You might consider that counsellors could be drawn to such labels because they give them a sense of understanding and control from early on with a client. If they’ve worked with a ‘depressed’ person before, they may feel more comfortable and able to predict what will be helpful. They might feel they can look to research evidence to find out what works best with depression. They might even feel a sense of connection with the client if it is something they have been diagnosed with themselves.

On the losses side, therapists like Yalom (2001) argue that there is a danger that counsellors will treat someone as a diagnosis rather than as a human being. They may look for features that fit with their understanding of depression and ignore what is unique for that person. Also, the stigma around mental illness may prevent them from connecting with someone with an unfamiliar, or frightening, diagnosis, or one that it has been suggested by research may be difficult to work.

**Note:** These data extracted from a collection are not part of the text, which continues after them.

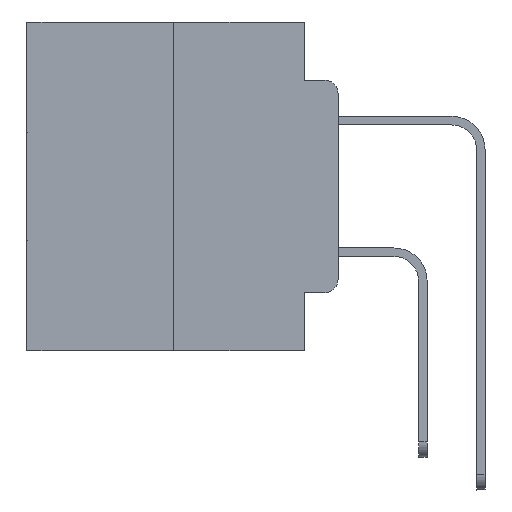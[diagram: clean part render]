
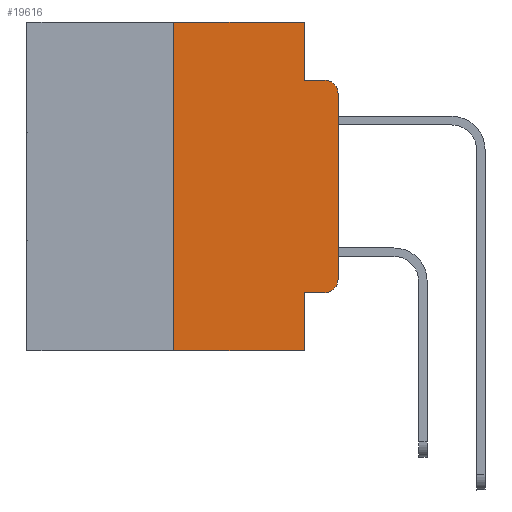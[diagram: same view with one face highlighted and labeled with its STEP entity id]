
A CAD part, left-side view. The second image highlights one B-rep face of the part: STEP entity #19616.
In plain terms, the highlighted planar face has unit normal (-1, 0, 0).
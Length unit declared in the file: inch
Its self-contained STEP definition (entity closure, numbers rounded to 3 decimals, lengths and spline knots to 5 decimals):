
#97 = LINE ( 'NONE', #23303, #5763 ) ;
#702 = CARTESIAN_POINT ( 'NONE',  ( 0., 0.051, -0.5 ) ) ;
#890 = ORIENTED_EDGE ( 'NONE', *, *, #11343, .T. ) ;
#1256 = CARTESIAN_POINT ( 'NONE',  ( 0., 0., 0. ) ) ;
#2254 = DIRECTION ( 'NONE',  ( 0., 0., -1. ) ) ;
#2667 = CARTESIAN_POINT ( 'NONE',  ( 0., 0.02, -0.3915 ) ) ;
#2712 = CARTESIAN_POINT ( 'NONE',  ( 0., 0., -0.1085 ) ) ;
#3185 = CARTESIAN_POINT ( 'NONE',  ( 0., 0.051, -0.4115 ) ) ;
#3223 = ORIENTED_EDGE ( 'NONE', *, *, #8107, .T. ) ;
#3397 = EDGE_CURVE ( 'NONE', #15733, #7502, #10087, .T. ) ;
#3790 = VECTOR ( 'NONE', #15761, 39.37008 ) ;
#3886 = CARTESIAN_POINT ( 'NONE',  ( 0., 0.051, 0. ) ) ;
#4499 = VERTEX_POINT ( 'NONE', #3185 ) ;
#4579 = PLANE ( 'NONE',  #7979 ) ;
#5052 = DIRECTION ( 'NONE',  ( 0., 0., -1. ) ) ;
#5071 = ORIENTED_EDGE ( 'NONE', *, *, #13715, .F. ) ;
#5763 = VECTOR ( 'NONE', #14025, 39.37008 ) ;
#5960 = CARTESIAN_POINT ( 'NONE',  ( 0., 0., -0.3915 ) ) ;
#6270 = LINE ( 'NONE', #19511, #11848 ) ;
#6296 = VECTOR ( 'NONE', #24837, 39.37008 ) ;
#6556 = EDGE_CURVE ( 'NONE', #7502, #9756, #97, .T. ) ;
#6799 = LINE ( 'NONE', #19592, #24035 ) ;
#7502 = VERTEX_POINT ( 'NONE', #17460 ) ;
#7580 = EDGE_LOOP ( 'NONE', ( #890, #3223, #17255, #27757, #5071, #8787, #21291, #17285, #30231, #27070 ) ) ;
#7769 = DIRECTION ( 'NONE',  ( 0., 0., 1. ) ) ;
#7976 = VECTOR ( 'NONE', #15614, 39.37008 ) ;
#7979 = AXIS2_PLACEMENT_3D ( 'NONE', #30237, #16468, #2254 ) ;
#8107 = EDGE_CURVE ( 'NONE', #24410, #9756, #29374, .T. ) ;
#8787 = ORIENTED_EDGE ( 'NONE', *, *, #29008, .F. ) ;
#9756 = VERTEX_POINT ( 'NONE', #16513 ) ;
#10087 = LINE ( 'NONE', #13374, #3790 ) ;
#10865 = CARTESIAN_POINT ( 'NONE',  ( 0., 0.02, -0.1085 ) ) ;
#11343 = EDGE_CURVE ( 'NONE', #26980, #24410, #12593, .T. ) ;
#11848 = VECTOR ( 'NONE', #7769, 39.37008 ) ;
#12593 = LINE ( 'NONE', #1256, #6296 ) ;
#13073 = VERTEX_POINT ( 'NONE', #24980 ) ;
#13216 = DIRECTION ( 'NONE',  ( 0., 0., -1. ) ) ;
#13237 = CARTESIAN_POINT ( 'NONE',  ( 0., 0.473, 0. ) ) ;
#13374 = CARTESIAN_POINT ( 'NONE',  ( 0., 0.051, 0. ) ) ;
#13715 = EDGE_CURVE ( 'NONE', #26108, #15733, #15042, .T. ) ;
#14025 = DIRECTION ( 'NONE',  ( 0., -1., 0. ) ) ;
#15042 = LINE ( 'NONE', #13237, #7976 ) ;
#15614 = DIRECTION ( 'NONE',  ( 0., -1., 0. ) ) ;
#15733 = VERTEX_POINT ( 'NONE', #23865 ) ;
#15761 = DIRECTION ( 'NONE',  ( 0., 0., -1. ) ) ;
#16272 = CARTESIAN_POINT ( 'NONE',  ( 0., 0.25, 0. ) ) ;
#16468 = DIRECTION ( 'NONE',  ( 1., 0., 0. ) ) ;
#16513 = CARTESIAN_POINT ( 'NONE',  ( 0., 0.02, -0.0885 ) ) ;
#16971 = CARTESIAN_POINT ( 'NONE',  ( 0., 0.051, -0.4115 ) ) ;
#17255 = ORIENTED_EDGE ( 'NONE', *, *, #6556, .F. ) ;
#17285 = ORIENTED_EDGE ( 'NONE', *, *, #25973, .F. ) ;
#17460 = CARTESIAN_POINT ( 'NONE',  ( 0., 0.051, -0.0885 ) ) ;
#17472 = AXIS2_PLACEMENT_3D ( 'NONE', #10865, #27133, #13216 ) ;
#17675 = CARTESIAN_POINT ( 'NONE',  ( 0., 0.02, -0.4115 ) ) ;
#19176 = DIRECTION ( 'NONE',  ( -1., 0., 0. ) ) ;
#19307 = DIRECTION ( 'NONE',  ( 0., -1., 0. ) ) ;
#19511 = CARTESIAN_POINT ( 'NONE',  ( 0., 0.25, 0. ) ) ;
#19592 = CARTESIAN_POINT ( 'NONE',  ( 0., 0.473, -0.5 ) ) ;
#19616 = ADVANCED_FACE ( 'NONE', ( #21735 ), #4579, .F. ) ;
#20459 = DIRECTION ( 'NONE',  ( 0., 0., -1. ) ) ;
#21291 = ORIENTED_EDGE ( 'NONE', *, *, #26366, .T. ) ;
#21735 = FACE_OUTER_BOUND ( 'NONE', #7580, .T. ) ;
#21943 = DIRECTION ( 'NONE',  ( 0., -1., 0. ) ) ;
#22496 = VERTEX_POINT ( 'NONE', #17675 ) ;
#22873 = EDGE_CURVE ( 'NONE', #22496, #26980, #28907, .T. ) ;
#23022 = VERTEX_POINT ( 'NONE', #702 ) ;
#23092 = VECTOR ( 'NONE', #19307, 39.37008 ) ;
#23303 = CARTESIAN_POINT ( 'NONE',  ( 0., 0.051, -0.0885 ) ) ;
#23352 = VECTOR ( 'NONE', #20459, 39.37008 ) ;
#23865 = CARTESIAN_POINT ( 'NONE',  ( 0., 0.051, 0. ) ) ;
#24035 = VECTOR ( 'NONE', #21943, 39.37008 ) ;
#24062 = LINE ( 'NONE', #3886, #23352 ) ;
#24410 = VERTEX_POINT ( 'NONE', #2712 ) ;
#24418 = EDGE_CURVE ( 'NONE', #4499, #22496, #29879, .T. ) ;
#24837 = DIRECTION ( 'NONE',  ( 0., 0., 1. ) ) ;
#24980 = CARTESIAN_POINT ( 'NONE',  ( 0., 0.25, -0.5 ) ) ;
#25703 = AXIS2_PLACEMENT_3D ( 'NONE', #2667, #19176, #5052 ) ;
#25973 = EDGE_CURVE ( 'NONE', #4499, #23022, #24062, .T. ) ;
#26108 = VERTEX_POINT ( 'NONE', #16272 ) ;
#26366 = EDGE_CURVE ( 'NONE', #13073, #23022, #6799, .T. ) ;
#26980 = VERTEX_POINT ( 'NONE', #5960 ) ;
#27070 = ORIENTED_EDGE ( 'NONE', *, *, #22873, .T. ) ;
#27133 = DIRECTION ( 'NONE',  ( -1., 0., 0. ) ) ;
#27757 = ORIENTED_EDGE ( 'NONE', *, *, #3397, .F. ) ;
#28907 = CIRCLE ( 'NONE', #25703, 0.02 ) ;
#29008 = EDGE_CURVE ( 'NONE', #13073, #26108, #6270, .T. ) ;
#29374 = CIRCLE ( 'NONE', #17472, 0.02 ) ;
#29879 = LINE ( 'NONE', #16971, #23092 ) ;
#30231 = ORIENTED_EDGE ( 'NONE', *, *, #24418, .T. ) ;
#30237 = CARTESIAN_POINT ( 'NONE',  ( 0., 0.473, 0. ) ) ;

You might want to look back to this example and consider how counsellors from different approaches might work with Mario’s ambivalence.

Perhaps it is particularly important to reflect on the common everyday perception, explicit in Mario’s account here, that having a diagnosable ‘mental disorder’ means that a person is not ‘to blame’ for their difficult feelings and associated behaviours, whilst not being diagnosable is assumed to mean that they are somehow responsible for them. A particular (but problematic) gain of a diagnosis for many people is the sense that it is, therefore, not ‘their fault’. We might question whether it is ever useful to regard someone as ‘to blame’ for feeling anxious or sad, but also consider the implications of believing that someone with a diagnosis has no control over or responsibility for their emotions and/or reaction to the situation.

Some have distinguished between primary and secondary gains of embracing a diagnostic label, and patient role, for the client. ‘Primary gains’ are the ways in which a preoccupation with one’s symptoms (say being fearful of leaving one’s house) may avoid addressing background difficulties from the remembered past, lived present or feared future. ‘Secondary gains’ would include, for example, agoraphobia being a way of manipulating an errant spouse into being more attentive at home.

Thus, although anxiety and depression are forms of distress, they are not merely distress, as they also generate psychological benefits: they have an ‘upside’, even if that is not necessarily consciously recognised by the client. It is worth noting here that our understanding (and the client’s) of aspects of primary and secondary gains from symptoms are the basis of formulation rather than diagnosis. This distinction will be returned to below.